This is a single-family home which consists of 3 bedrooms, 2.5 bathrooms, dining area, living room (Daycare), kitchen, front yard, back yard, enclosed side yard, and garage. The children will use the living room (Daycare), the ½ bathroom, enclosed side yard, and dining area. The pillow area in the living room (Daycare) will be used as isolation space for ill children. Areas off limits to children include the front yard, back yard, 3 bedrooms, 2 bathrooms kitchen and garage. The home was inspected for safety, comfort, cleanliness, telephone service, heating and ventilation, inaccessibility to poisons, detergents, cleaning compounds, medicines, and hazardous items that can pose a danger to children. Knives and other sharp utensils are in a high shelf in the kitchen cabinet. Cleaning products will be kept in a cabinet under the kitchen sink and applicant will be adding a child proof latch. Electrical Outlets have child proof covers.

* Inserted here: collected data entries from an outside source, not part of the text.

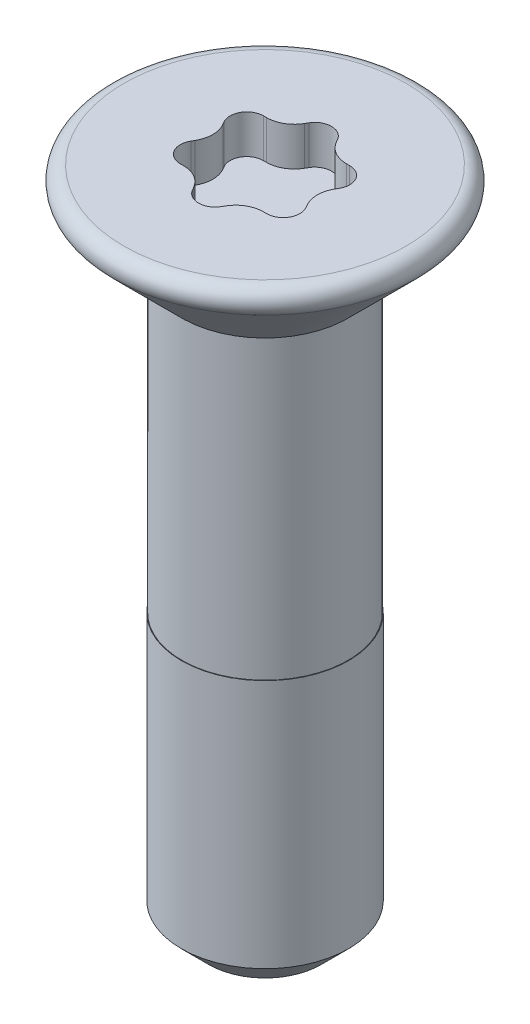
ISO-10303-21;
HEADER;
FILE_DESCRIPTION(('STEP AP214'),'2;1');
FILE_NAME('part.step','',(''),(''),'','','');
FILE_SCHEMA(('AUTOMOTIVE_DESIGN { 1 0 10303 214 1 1 1 1 }'));
ENDSEC;
DATA;
#1=APPLICATION_CONTEXT('core data for automotive mechanical design processes');
#2=APPLICATION_PROTOCOL_DEFINITION('international standard','automotive_design',2000,#1);
#3=PRODUCT_CONTEXT('',#1,'mechanical');
#4=PRODUCT('Part','Part','',(#3));
#5=PRODUCT_RELATED_PRODUCT_CATEGORY('part','',(#4));
#6=PRODUCT_DEFINITION_FORMATION('','',#4);
#7=PRODUCT_DEFINITION_CONTEXT('part definition',#1,'design');
#8=PRODUCT_DEFINITION('design','',#6,#7);
#9=PRODUCT_DEFINITION_SHAPE('','',#8);
#10=(LENGTH_UNIT() NAMED_UNIT(*) SI_UNIT(.MILLI.,.METRE.));
#11=(NAMED_UNIT(*) PLANE_ANGLE_UNIT() SI_UNIT($,.RADIAN.));
#12=(NAMED_UNIT(*) SI_UNIT($,.STERADIAN.) SOLID_ANGLE_UNIT());
#13=UNCERTAINTY_MEASURE_WITH_UNIT(LENGTH_MEASURE(1.E-05),#10,'distance_accuracy_value','');
#14=(GEOMETRIC_REPRESENTATION_CONTEXT(3) GLOBAL_UNCERTAINTY_ASSIGNED_CONTEXT((#13)) GLOBAL_UNIT_ASSIGNED_CONTEXT((#10,
#11,#12)) REPRESENTATION_CONTEXT('',''));
#15=CARTESIAN_POINT('',(0.,0.,0.));
#16=DIRECTION('',(0.,0.,1.));
#17=DIRECTION('',(1.,0.,0.));
#18=AXIS2_PLACEMENT_3D('',#15,#16,#17);
#19=CARTESIAN_POINT('',(-0.721687836487033,-0.7,-1.25));
#20=DIRECTION('',(0.,1.,0.));
#21=DIRECTION('',(0.,0.,1.));
#22=AXIS2_PLACEMENT_3D('',#19,#20,#21);
#23=PLANE('',#22);
#24=CARTESIAN_POINT('',(0.,-0.7,-0.900000000000001));
#25=DIRECTION('',(0.,1.,0.));
#26=DIRECTION('',(0.,0.,1.));
#27=AXIS2_PLACEMENT_3D('',#24,#25,#26);
#28=CIRCLE('',#27,0.3);
#29=CARTESIAN_POINT('',(0.259807621135331,-0.7,-1.05));
#30=VERTEX_POINT('',#29);
#31=CARTESIAN_POINT('',(-0.259807621135332,-0.7,-1.05));
#32=VERTEX_POINT('',#31);
#33=EDGE_CURVE('E265',#30,#32,#28,.T.);
#34=ORIENTED_EDGE('',*,*,#33,.T.);
#35=DIRECTION('',(0.5,0.,-0.866025403784438));
#36=VECTOR('',#35,1.);
#37=CARTESIAN_POINT('',(-0.288675134594814,-0.7,-1.));
#38=LINE('',#37,#36);
#39=CARTESIAN_POINT('',(-0.288675134594814,-0.7,-1.));
#40=VERTEX_POINT('',#39);
#41=EDGE_CURVE('E267',#40,#32,#38,.T.);
#42=ORIENTED_EDGE('',*,*,#41,.F.);
#43=CARTESIAN_POINT('',(-0.721687836487033,-0.7,-1.25));
#44=DIRECTION('',(0.,1.,0.));
#45=DIRECTION('',(0.,0.,1.));
#46=AXIS2_PLACEMENT_3D('',#43,#44,#45);
#47=CIRCLE('',#46,0.5);
#48=CARTESIAN_POINT('',(-0.721687836487033,-0.7,-0.75));
#49=VERTEX_POINT('',#48);
#50=EDGE_CURVE('E261',#49,#40,#47,.T.);
#51=ORIENTED_EDGE('',*,*,#50,.F.);
#52=DIRECTION('',(1.,0.,0.));
#53=VECTOR('',#52,1.);
#54=CARTESIAN_POINT('',(-0.779422863405995,-0.7,-0.75));
#55=LINE('',#54,#53);
#56=CARTESIAN_POINT('',(-0.779422863405995,-0.7,-0.75));
#57=VERTEX_POINT('',#56);
#58=EDGE_CURVE('E183',#57,#49,#55,.T.);
#59=ORIENTED_EDGE('',*,*,#58,.F.);
#60=CARTESIAN_POINT('',(-0.779422863405995,-0.7,-0.45));
#61=DIRECTION('',(0.,1.,0.));
#62=DIRECTION('',(0.,0.,1.));
#63=AXIS2_PLACEMENT_3D('',#60,#61,#62);
#64=CIRCLE('',#63,0.3);
#65=CARTESIAN_POINT('',(-1.03923048454133,-0.7,-0.3));
#66=VERTEX_POINT('',#65);
#67=EDGE_CURVE('E186',#57,#66,#64,.T.);
#68=ORIENTED_EDGE('',*,*,#67,.T.);
#69=DIRECTION('',(-0.500000000000001,0.,-0.866025403784438));
#70=VECTOR('',#69,1.);
#71=CARTESIAN_POINT('',(-1.01036297108185,-0.7,-0.25));
#72=LINE('',#71,#70);
#73=CARTESIAN_POINT('',(-1.01036297108185,-0.7,-0.25));
#74=VERTEX_POINT('',#73);
#75=EDGE_CURVE('E189',#74,#66,#72,.T.);
#76=ORIENTED_EDGE('',*,*,#75,.F.);
#77=CARTESIAN_POINT('',(-1.44337567297407,-0.7,0.));
#78=DIRECTION('',(0.,1.,0.));
#79=DIRECTION('',(0.,0.,1.));
#80=AXIS2_PLACEMENT_3D('',#77,#78,#79);
#81=CIRCLE('',#80,0.5);
#82=CARTESIAN_POINT('',(-1.01036297108185,-0.7,0.249999999999999));
#83=VERTEX_POINT('',#82);
#84=EDGE_CURVE('E202',#83,#74,#81,.T.);
#85=ORIENTED_EDGE('',*,*,#84,.F.);
#86=DIRECTION('',(0.499999999999995,0.,-0.866025403784441));
#87=VECTOR('',#86,1.);
#88=CARTESIAN_POINT('',(-1.03923048454133,-0.7,0.300000000000001));
#89=LINE('',#88,#87);
#90=CARTESIAN_POINT('',(-1.03923048454133,-0.7,0.300000000000001));
#91=VERTEX_POINT('',#90);
#92=EDGE_CURVE('E211',#91,#83,#89,.T.);
#93=ORIENTED_EDGE('',*,*,#92,.F.);
#94=CARTESIAN_POINT('',(-0.779422863405996,-0.7,0.450000000000001));
#95=DIRECTION('',(0.,1.,0.));
#96=DIRECTION('',(0.,0.,1.));
#97=AXIS2_PLACEMENT_3D('',#94,#95,#96);
#98=CIRCLE('',#97,0.3);
#99=CARTESIAN_POINT('',(-0.779422863405997,-0.7,0.75));
#100=VERTEX_POINT('',#99);
#101=EDGE_CURVE('E301',#91,#100,#98,.T.);
#102=ORIENTED_EDGE('',*,*,#101,.T.);
#103=DIRECTION('',(-1.,0.,0.));
#104=VECTOR('',#103,1.);
#105=CARTESIAN_POINT('',(-0.721687836487033,-0.7,0.750000000000001));
#106=LINE('',#105,#104);
#107=CARTESIAN_POINT('',(-0.721687836487031,-0.7,0.750000000000001));
#108=VERTEX_POINT('',#107);
#109=EDGE_CURVE('E303',#108,#100,#106,.T.);
#110=ORIENTED_EDGE('',*,*,#109,.F.);
#111=CARTESIAN_POINT('',(-0.721687836487033,-0.7,1.25));
#112=DIRECTION('',(0.,1.,0.));
#113=DIRECTION('',(0.,0.,1.));
#114=AXIS2_PLACEMENT_3D('',#111,#112,#113);
#115=CIRCLE('',#114,0.5);
#116=CARTESIAN_POINT('',(-0.288675134594814,-0.7,1.));
#117=VERTEX_POINT('',#116);
#118=EDGE_CURVE('E296',#117,#108,#115,.T.);
#119=ORIENTED_EDGE('',*,*,#118,.F.);
#120=DIRECTION('',(-0.500000000000002,0.,-0.866025403784438));
#121=VECTOR('',#120,1.);
#122=CARTESIAN_POINT('',(-0.259807621135332,-0.7,1.05));
#123=LINE('',#122,#121);
#124=CARTESIAN_POINT('',(-0.259807621135331,-0.7,1.05));
#125=VERTEX_POINT('',#124);
#126=EDGE_CURVE('E513',#125,#117,#123,.T.);
#127=ORIENTED_EDGE('',*,*,#126,.F.);
#128=CARTESIAN_POINT('',(0.,-0.7,0.900000000000001));
#129=DIRECTION('',(0.,1.,0.));
#130=DIRECTION('',(0.,0.,1.));
#131=AXIS2_PLACEMENT_3D('',#128,#129,#130);
#132=CIRCLE('',#131,0.3);
#133=CARTESIAN_POINT('',(0.259807621135332,-0.7,1.05));
#134=VERTEX_POINT('',#133);
#135=EDGE_CURVE('E292',#125,#134,#132,.T.);
#136=ORIENTED_EDGE('',*,*,#135,.T.);
#137=DIRECTION('',(-0.499999999999999,0.,0.866025403784439));
#138=VECTOR('',#137,1.);
#139=CARTESIAN_POINT('',(0.288675134594813,-0.7,1.));
#140=LINE('',#139,#138);
#141=CARTESIAN_POINT('',(0.288675134594813,-0.7,1.));
#142=VERTEX_POINT('',#141);
#143=EDGE_CURVE('E294',#142,#134,#140,.T.);
#144=ORIENTED_EDGE('',*,*,#143,.F.);
#145=CARTESIAN_POINT('',(0.721687836487033,-0.7,1.25));
#146=DIRECTION('',(0.,1.,0.));
#147=DIRECTION('',(0.,0.,1.));
#148=AXIS2_PLACEMENT_3D('',#145,#146,#147);
#149=CIRCLE('',#148,0.5);
#150=CARTESIAN_POINT('',(0.721687836487032,-0.7,0.750000000000001));
#151=VERTEX_POINT('',#150);
#152=EDGE_CURVE('E287',#151,#142,#149,.T.);
#153=ORIENTED_EDGE('',*,*,#152,.F.);
#154=DIRECTION('',(-1.,0.,0.));
#155=VECTOR('',#154,1.);
#156=CARTESIAN_POINT('',(0.779422863405995,-0.7,0.750000000000001));
#157=LINE('',#156,#155);
#158=CARTESIAN_POINT('',(0.779422863405995,-0.7,0.750000000000001));
#159=VERTEX_POINT('',#158);
#160=EDGE_CURVE('E503',#159,#151,#157,.T.);
#161=ORIENTED_EDGE('',*,*,#160,.F.);
#162=CARTESIAN_POINT('',(0.779422863405995,-0.7,0.450000000000001));
#163=DIRECTION('',(0.,1.,0.));
#164=DIRECTION('',(0.,0.,1.));
#165=AXIS2_PLACEMENT_3D('',#162,#163,#164);
#166=CIRCLE('',#165,0.3);
#167=CARTESIAN_POINT('',(1.03923048454133,-0.7,0.300000000000001));
#168=VERTEX_POINT('',#167);
#169=EDGE_CURVE('E283',#159,#168,#166,.T.);
#170=ORIENTED_EDGE('',*,*,#169,.T.);
#171=DIRECTION('',(0.499999999999997,0.,0.866025403784441));
#172=VECTOR('',#171,1.);
#173=CARTESIAN_POINT('',(1.01036297108185,-0.7,0.250000000000001));
#174=LINE('',#173,#172);
#175=CARTESIAN_POINT('',(1.01036297108185,-0.7,0.25));
#176=VERTEX_POINT('',#175);
#177=EDGE_CURVE('E285',#176,#168,#174,.T.);
#178=ORIENTED_EDGE('',*,*,#177,.F.);
#179=CARTESIAN_POINT('',(1.44337567297406,-0.7,0.));
#180=DIRECTION('',(0.,1.,0.));
#181=DIRECTION('',(0.,0.,1.));
#182=AXIS2_PLACEMENT_3D('',#179,#180,#181);
#183=CIRCLE('',#182,0.5);
#184=CARTESIAN_POINT('',(1.01036297108185,-0.7,-0.25));
#185=VERTEX_POINT('',#184);
#186=EDGE_CURVE('E278',#185,#176,#183,.T.);
#187=ORIENTED_EDGE('',*,*,#186,.F.);
#188=DIRECTION('',(-0.500000000000003,0.,0.866025403784437));
#189=VECTOR('',#188,1.);
#190=CARTESIAN_POINT('',(1.03923048454133,-0.7,-0.3));
#191=LINE('',#190,#189);
#192=CARTESIAN_POINT('',(1.03923048454133,-0.7,-0.299999999999999));
#193=VERTEX_POINT('',#192);
#194=EDGE_CURVE('E493',#193,#185,#191,.T.);
#195=ORIENTED_EDGE('',*,*,#194,.F.);
#196=CARTESIAN_POINT('',(0.779422863405996,-0.7,-0.45));
#197=DIRECTION('',(0.,1.,0.));
#198=DIRECTION('',(0.,0.,1.));
#199=AXIS2_PLACEMENT_3D('',#196,#197,#198);
#200=CIRCLE('',#199,0.3);
#201=CARTESIAN_POINT('',(0.779422863405996,-0.7,-0.749999999999999));
#202=VERTEX_POINT('',#201);
#203=EDGE_CURVE('E274',#193,#202,#200,.T.);
#204=ORIENTED_EDGE('',*,*,#203,.T.);
#205=DIRECTION('',(1.,0.,0.));
#206=VECTOR('',#205,1.);
#207=CARTESIAN_POINT('',(0.721687836487033,-0.7,-0.749999999999999));
#208=LINE('',#207,#206);
#209=CARTESIAN_POINT('',(0.721687836487033,-0.7,-0.75));
#210=VERTEX_POINT('',#209);
#211=EDGE_CURVE('E276',#210,#202,#208,.T.);
#212=ORIENTED_EDGE('',*,*,#211,.F.);
#213=CARTESIAN_POINT('',(0.721687836487033,-0.7,-1.25));
#214=DIRECTION('',(0.,1.,0.));
#215=DIRECTION('',(0.,0.,1.));
#216=AXIS2_PLACEMENT_3D('',#213,#214,#215);
#217=CIRCLE('',#216,0.5);
#218=CARTESIAN_POINT('',(0.288675134594814,-0.7,-0.999999999999999));
#219=VERTEX_POINT('',#218);
#220=EDGE_CURVE('E269',#219,#210,#217,.T.);
#221=ORIENTED_EDGE('',*,*,#220,.F.);
#222=DIRECTION('',(0.500000000000004,0.,0.866025403784436));
#223=VECTOR('',#222,1.);
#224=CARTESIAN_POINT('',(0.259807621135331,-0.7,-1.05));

Poisons and chemicals are kept in the garage which will be locked during operating hours.

During the visit applicant provided an updated application adding an additional phone number. LPA will be updating in the system. LPA provided applicant with prelicensing packet, safe sleep document, sample 15-minute sleep log, sample emergency drill, Safe Sleep Infant Plan and Unusual Incident Report (UIR).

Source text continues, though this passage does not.